_WHAT TO DO_.
Once the line with "#91=CARTESIAN_POINT('',(-38.1,1.5875,12.7));" is found in the entries below, print it and each following line exactly, stopping after the line with "#132=DIRECTION('',(0.,-1.,0.));"; print nothing else.

_PROVIDED RECORDS_.
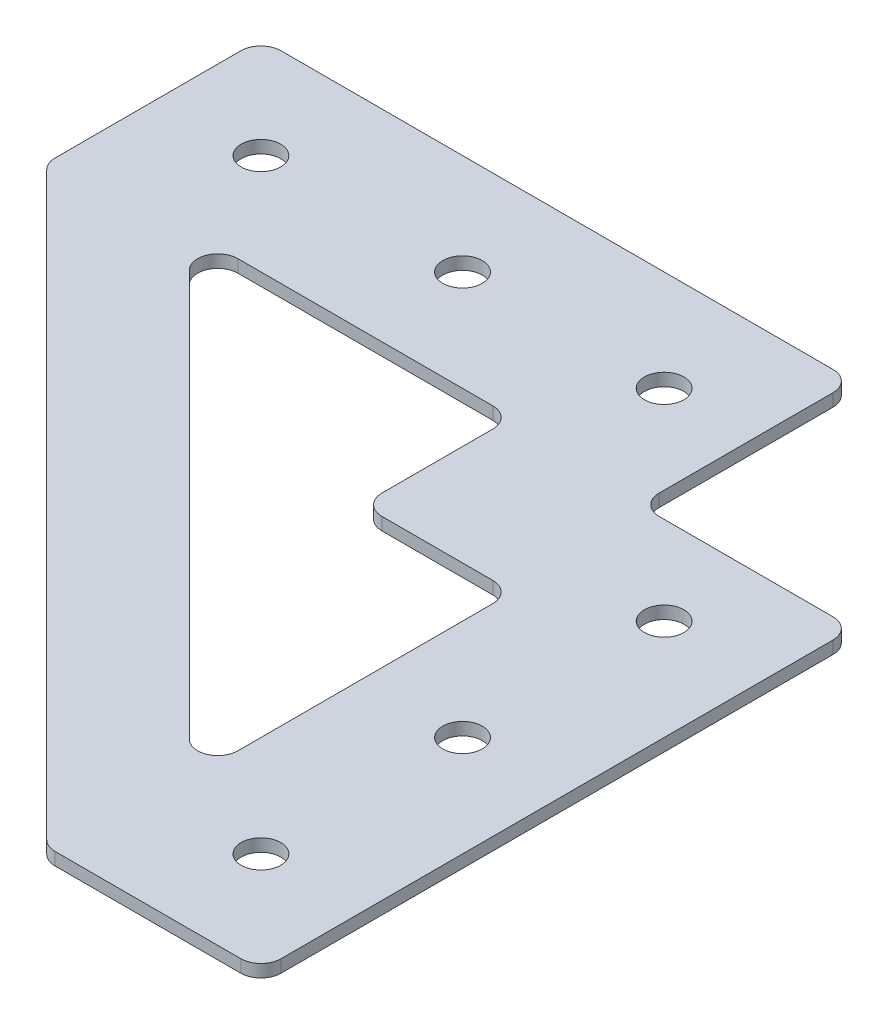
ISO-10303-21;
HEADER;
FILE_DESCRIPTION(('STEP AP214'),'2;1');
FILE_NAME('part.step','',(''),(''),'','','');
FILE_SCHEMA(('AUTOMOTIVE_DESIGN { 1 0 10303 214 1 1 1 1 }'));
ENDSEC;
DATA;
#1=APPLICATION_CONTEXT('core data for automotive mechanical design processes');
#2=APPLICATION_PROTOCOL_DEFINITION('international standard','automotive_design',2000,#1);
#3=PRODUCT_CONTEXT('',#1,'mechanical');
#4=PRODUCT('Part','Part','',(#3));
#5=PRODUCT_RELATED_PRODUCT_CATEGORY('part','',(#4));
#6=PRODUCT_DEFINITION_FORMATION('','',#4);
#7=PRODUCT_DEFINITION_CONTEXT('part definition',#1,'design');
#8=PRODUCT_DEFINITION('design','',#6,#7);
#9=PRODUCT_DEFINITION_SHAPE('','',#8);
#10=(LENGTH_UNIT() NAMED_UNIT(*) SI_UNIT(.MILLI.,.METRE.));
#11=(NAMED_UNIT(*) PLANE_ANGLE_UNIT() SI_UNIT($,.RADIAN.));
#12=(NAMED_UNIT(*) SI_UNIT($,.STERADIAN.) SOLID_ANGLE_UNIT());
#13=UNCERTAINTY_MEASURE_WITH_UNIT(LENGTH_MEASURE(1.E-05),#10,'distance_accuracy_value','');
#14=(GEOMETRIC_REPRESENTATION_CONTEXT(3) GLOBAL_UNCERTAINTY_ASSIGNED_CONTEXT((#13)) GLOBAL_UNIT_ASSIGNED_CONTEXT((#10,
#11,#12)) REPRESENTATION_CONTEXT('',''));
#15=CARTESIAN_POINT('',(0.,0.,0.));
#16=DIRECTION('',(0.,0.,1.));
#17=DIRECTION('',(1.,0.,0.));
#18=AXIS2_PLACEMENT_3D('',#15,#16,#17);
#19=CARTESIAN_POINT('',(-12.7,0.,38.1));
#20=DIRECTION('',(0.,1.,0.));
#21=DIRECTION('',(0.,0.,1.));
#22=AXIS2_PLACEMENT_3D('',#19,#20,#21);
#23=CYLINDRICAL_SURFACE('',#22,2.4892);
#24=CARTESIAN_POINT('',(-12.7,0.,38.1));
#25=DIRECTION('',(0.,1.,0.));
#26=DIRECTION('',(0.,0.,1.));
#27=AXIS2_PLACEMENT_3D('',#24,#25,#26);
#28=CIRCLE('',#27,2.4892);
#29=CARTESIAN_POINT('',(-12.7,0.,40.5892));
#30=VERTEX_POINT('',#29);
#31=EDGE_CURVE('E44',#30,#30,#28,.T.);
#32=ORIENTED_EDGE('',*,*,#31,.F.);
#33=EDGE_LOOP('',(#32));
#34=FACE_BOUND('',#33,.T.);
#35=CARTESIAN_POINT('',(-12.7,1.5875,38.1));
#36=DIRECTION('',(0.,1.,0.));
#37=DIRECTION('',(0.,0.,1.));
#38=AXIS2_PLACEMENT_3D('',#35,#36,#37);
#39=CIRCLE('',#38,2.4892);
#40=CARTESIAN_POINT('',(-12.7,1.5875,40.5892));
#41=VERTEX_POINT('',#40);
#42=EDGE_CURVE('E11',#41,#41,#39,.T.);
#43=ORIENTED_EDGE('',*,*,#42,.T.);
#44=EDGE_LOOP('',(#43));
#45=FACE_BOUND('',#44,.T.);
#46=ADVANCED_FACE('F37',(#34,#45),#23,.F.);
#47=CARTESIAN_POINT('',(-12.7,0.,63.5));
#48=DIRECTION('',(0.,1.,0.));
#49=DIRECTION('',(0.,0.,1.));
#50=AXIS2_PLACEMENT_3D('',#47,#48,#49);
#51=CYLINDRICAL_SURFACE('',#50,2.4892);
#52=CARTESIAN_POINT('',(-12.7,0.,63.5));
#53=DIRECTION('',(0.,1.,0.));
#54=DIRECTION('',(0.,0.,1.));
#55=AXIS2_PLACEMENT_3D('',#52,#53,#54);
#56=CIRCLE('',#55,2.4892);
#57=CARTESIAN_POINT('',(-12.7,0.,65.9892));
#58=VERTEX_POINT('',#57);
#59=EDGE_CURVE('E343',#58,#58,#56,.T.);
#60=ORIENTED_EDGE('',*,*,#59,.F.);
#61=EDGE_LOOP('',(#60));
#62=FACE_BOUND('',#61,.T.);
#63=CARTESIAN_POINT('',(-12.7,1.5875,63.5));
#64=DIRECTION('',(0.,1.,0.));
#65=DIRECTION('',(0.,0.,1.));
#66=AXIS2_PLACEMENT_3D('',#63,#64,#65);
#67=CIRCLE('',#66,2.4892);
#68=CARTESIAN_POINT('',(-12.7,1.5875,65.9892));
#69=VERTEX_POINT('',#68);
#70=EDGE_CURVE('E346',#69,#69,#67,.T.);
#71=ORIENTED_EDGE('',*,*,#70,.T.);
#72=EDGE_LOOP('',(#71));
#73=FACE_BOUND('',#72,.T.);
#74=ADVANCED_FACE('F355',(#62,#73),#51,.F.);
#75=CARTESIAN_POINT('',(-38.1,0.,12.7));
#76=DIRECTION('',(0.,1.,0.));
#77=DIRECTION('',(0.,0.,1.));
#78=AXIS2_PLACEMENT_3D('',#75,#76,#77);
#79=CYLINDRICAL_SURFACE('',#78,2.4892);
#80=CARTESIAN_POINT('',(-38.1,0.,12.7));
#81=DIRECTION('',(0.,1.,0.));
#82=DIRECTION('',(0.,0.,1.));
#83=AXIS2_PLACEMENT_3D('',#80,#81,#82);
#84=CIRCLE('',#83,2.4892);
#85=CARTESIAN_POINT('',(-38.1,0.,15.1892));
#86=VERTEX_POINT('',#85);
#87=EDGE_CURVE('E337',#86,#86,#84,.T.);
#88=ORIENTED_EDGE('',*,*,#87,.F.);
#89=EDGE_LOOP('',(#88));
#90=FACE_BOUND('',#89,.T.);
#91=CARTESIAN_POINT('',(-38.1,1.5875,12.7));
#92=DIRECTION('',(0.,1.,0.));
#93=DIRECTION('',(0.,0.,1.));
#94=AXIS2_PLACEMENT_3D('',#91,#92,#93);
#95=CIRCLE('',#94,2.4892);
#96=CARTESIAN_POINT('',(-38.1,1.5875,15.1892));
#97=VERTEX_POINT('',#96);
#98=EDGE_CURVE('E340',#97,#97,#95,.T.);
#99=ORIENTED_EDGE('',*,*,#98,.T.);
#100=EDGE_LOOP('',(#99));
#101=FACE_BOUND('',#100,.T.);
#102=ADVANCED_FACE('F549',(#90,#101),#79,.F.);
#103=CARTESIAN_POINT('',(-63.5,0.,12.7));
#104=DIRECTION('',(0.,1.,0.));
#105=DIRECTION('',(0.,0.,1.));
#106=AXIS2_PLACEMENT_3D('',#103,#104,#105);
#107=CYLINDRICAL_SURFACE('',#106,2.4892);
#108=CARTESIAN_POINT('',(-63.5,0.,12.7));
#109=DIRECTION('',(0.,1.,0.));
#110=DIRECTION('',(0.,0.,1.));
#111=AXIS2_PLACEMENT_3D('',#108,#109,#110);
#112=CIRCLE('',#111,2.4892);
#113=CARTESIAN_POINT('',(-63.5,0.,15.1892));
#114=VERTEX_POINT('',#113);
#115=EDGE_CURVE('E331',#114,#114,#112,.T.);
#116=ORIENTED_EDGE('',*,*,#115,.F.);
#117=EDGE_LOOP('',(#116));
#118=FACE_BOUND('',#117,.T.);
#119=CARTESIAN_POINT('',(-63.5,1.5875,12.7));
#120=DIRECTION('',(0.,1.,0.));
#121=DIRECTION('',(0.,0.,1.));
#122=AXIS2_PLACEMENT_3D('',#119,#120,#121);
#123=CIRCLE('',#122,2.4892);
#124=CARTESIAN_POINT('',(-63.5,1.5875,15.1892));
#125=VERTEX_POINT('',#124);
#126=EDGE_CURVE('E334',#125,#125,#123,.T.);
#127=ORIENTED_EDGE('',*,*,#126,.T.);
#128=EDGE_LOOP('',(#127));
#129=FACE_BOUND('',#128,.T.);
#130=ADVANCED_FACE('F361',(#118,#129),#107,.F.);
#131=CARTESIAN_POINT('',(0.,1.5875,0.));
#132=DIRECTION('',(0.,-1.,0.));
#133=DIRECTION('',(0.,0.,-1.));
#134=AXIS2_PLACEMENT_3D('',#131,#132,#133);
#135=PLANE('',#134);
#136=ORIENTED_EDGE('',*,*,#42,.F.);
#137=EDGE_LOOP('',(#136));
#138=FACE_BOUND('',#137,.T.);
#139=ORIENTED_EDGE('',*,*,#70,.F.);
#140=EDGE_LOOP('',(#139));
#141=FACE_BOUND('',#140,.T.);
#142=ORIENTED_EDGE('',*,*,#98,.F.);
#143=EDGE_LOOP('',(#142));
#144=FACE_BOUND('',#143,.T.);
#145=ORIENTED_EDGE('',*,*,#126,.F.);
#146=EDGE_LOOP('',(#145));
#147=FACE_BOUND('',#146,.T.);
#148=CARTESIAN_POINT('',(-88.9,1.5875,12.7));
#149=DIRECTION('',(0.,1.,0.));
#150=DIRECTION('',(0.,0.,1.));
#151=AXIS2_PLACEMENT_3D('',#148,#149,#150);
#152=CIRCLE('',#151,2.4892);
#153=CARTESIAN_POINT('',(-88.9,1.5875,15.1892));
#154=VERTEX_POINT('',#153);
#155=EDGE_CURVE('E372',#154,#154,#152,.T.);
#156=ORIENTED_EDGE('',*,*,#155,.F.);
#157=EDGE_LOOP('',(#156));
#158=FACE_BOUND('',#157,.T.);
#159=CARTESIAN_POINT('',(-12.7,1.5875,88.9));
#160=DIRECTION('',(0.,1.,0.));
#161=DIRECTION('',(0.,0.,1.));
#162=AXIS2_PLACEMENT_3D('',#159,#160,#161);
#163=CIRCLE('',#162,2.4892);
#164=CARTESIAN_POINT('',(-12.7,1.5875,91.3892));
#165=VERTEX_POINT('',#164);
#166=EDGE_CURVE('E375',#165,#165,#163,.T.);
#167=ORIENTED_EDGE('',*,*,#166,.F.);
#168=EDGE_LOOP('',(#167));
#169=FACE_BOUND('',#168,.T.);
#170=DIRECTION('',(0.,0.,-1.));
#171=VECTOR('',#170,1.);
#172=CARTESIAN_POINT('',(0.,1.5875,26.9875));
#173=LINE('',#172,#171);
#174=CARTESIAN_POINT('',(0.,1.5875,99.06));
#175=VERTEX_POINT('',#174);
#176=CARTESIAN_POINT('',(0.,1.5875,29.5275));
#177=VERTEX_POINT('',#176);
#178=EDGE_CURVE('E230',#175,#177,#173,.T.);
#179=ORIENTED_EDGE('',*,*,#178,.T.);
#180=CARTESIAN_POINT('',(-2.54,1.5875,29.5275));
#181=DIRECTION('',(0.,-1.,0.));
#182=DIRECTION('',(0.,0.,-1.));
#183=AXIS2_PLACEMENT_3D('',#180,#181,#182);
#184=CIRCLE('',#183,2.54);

_YOUR SOLUTION_.
#91=CARTESIAN_POINT('',(-38.1,1.5875,12.7));
#92=DIRECTION('',(0.,1.,0.));
#93=DIRECTION('',(0.,0.,1.));
#94=AXIS2_PLACEMENT_3D('',#91,#92,#93);
#95=CIRCLE('',#94,2.4892);
#96=CARTESIAN_POINT('',(-38.1,1.5875,15.1892));
#97=VERTEX_POINT('',#96);
#98=EDGE_CURVE('E340',#97,#97,#95,.T.);
#99=ORIENTED_EDGE('',*,*,#98,.T.);
#100=EDGE_LOOP('',(#99));
#101=FACE_BOUND('',#100,.T.);
#102=ADVANCED_FACE('F549',(#90,#101),#79,.F.);
#103=CARTESIAN_POINT('',(-63.5,0.,12.7));
#104=DIRECTION('',(0.,1.,0.));
#105=DIRECTION('',(0.,0.,1.));
#106=AXIS2_PLACEMENT_3D('',#103,#104,#105);
#107=CYLINDRICAL_SURFACE('',#106,2.4892);
#108=CARTESIAN_POINT('',(-63.5,0.,12.7));
#109=DIRECTION('',(0.,1.,0.));
#110=DIRECTION('',(0.,0.,1.));
#111=AXIS2_PLACEMENT_3D('',#108,#109,#110);
#112=CIRCLE('',#111,2.4892);
#113=CARTESIAN_POINT('',(-63.5,0.,15.1892));
#114=VERTEX_POINT('',#113);
#115=EDGE_CURVE('E331',#114,#114,#112,.T.);
#116=ORIENTED_EDGE('',*,*,#115,.F.);
#117=EDGE_LOOP('',(#116));
#118=FACE_BOUND('',#117,.T.);
#119=CARTESIAN_POINT('',(-63.5,1.5875,12.7));
#120=DIRECTION('',(0.,1.,0.));
#121=DIRECTION('',(0.,0.,1.));
#122=AXIS2_PLACEMENT_3D('',#119,#120,#121);
#123=CIRCLE('',#122,2.4892);
#124=CARTESIAN_POINT('',(-63.5,1.5875,15.1892));
#125=VERTEX_POINT('',#124);
#126=EDGE_CURVE('E334',#125,#125,#123,.T.);
#127=ORIENTED_EDGE('',*,*,#126,.T.);
#128=EDGE_LOOP('',(#127));
#129=FACE_BOUND('',#128,.T.);
#130=ADVANCED_FACE('F361',(#118,#129),#107,.F.);
#131=CARTESIAN_POINT('',(0.,1.5875,0.));
#132=DIRECTION('',(0.,-1.,0.));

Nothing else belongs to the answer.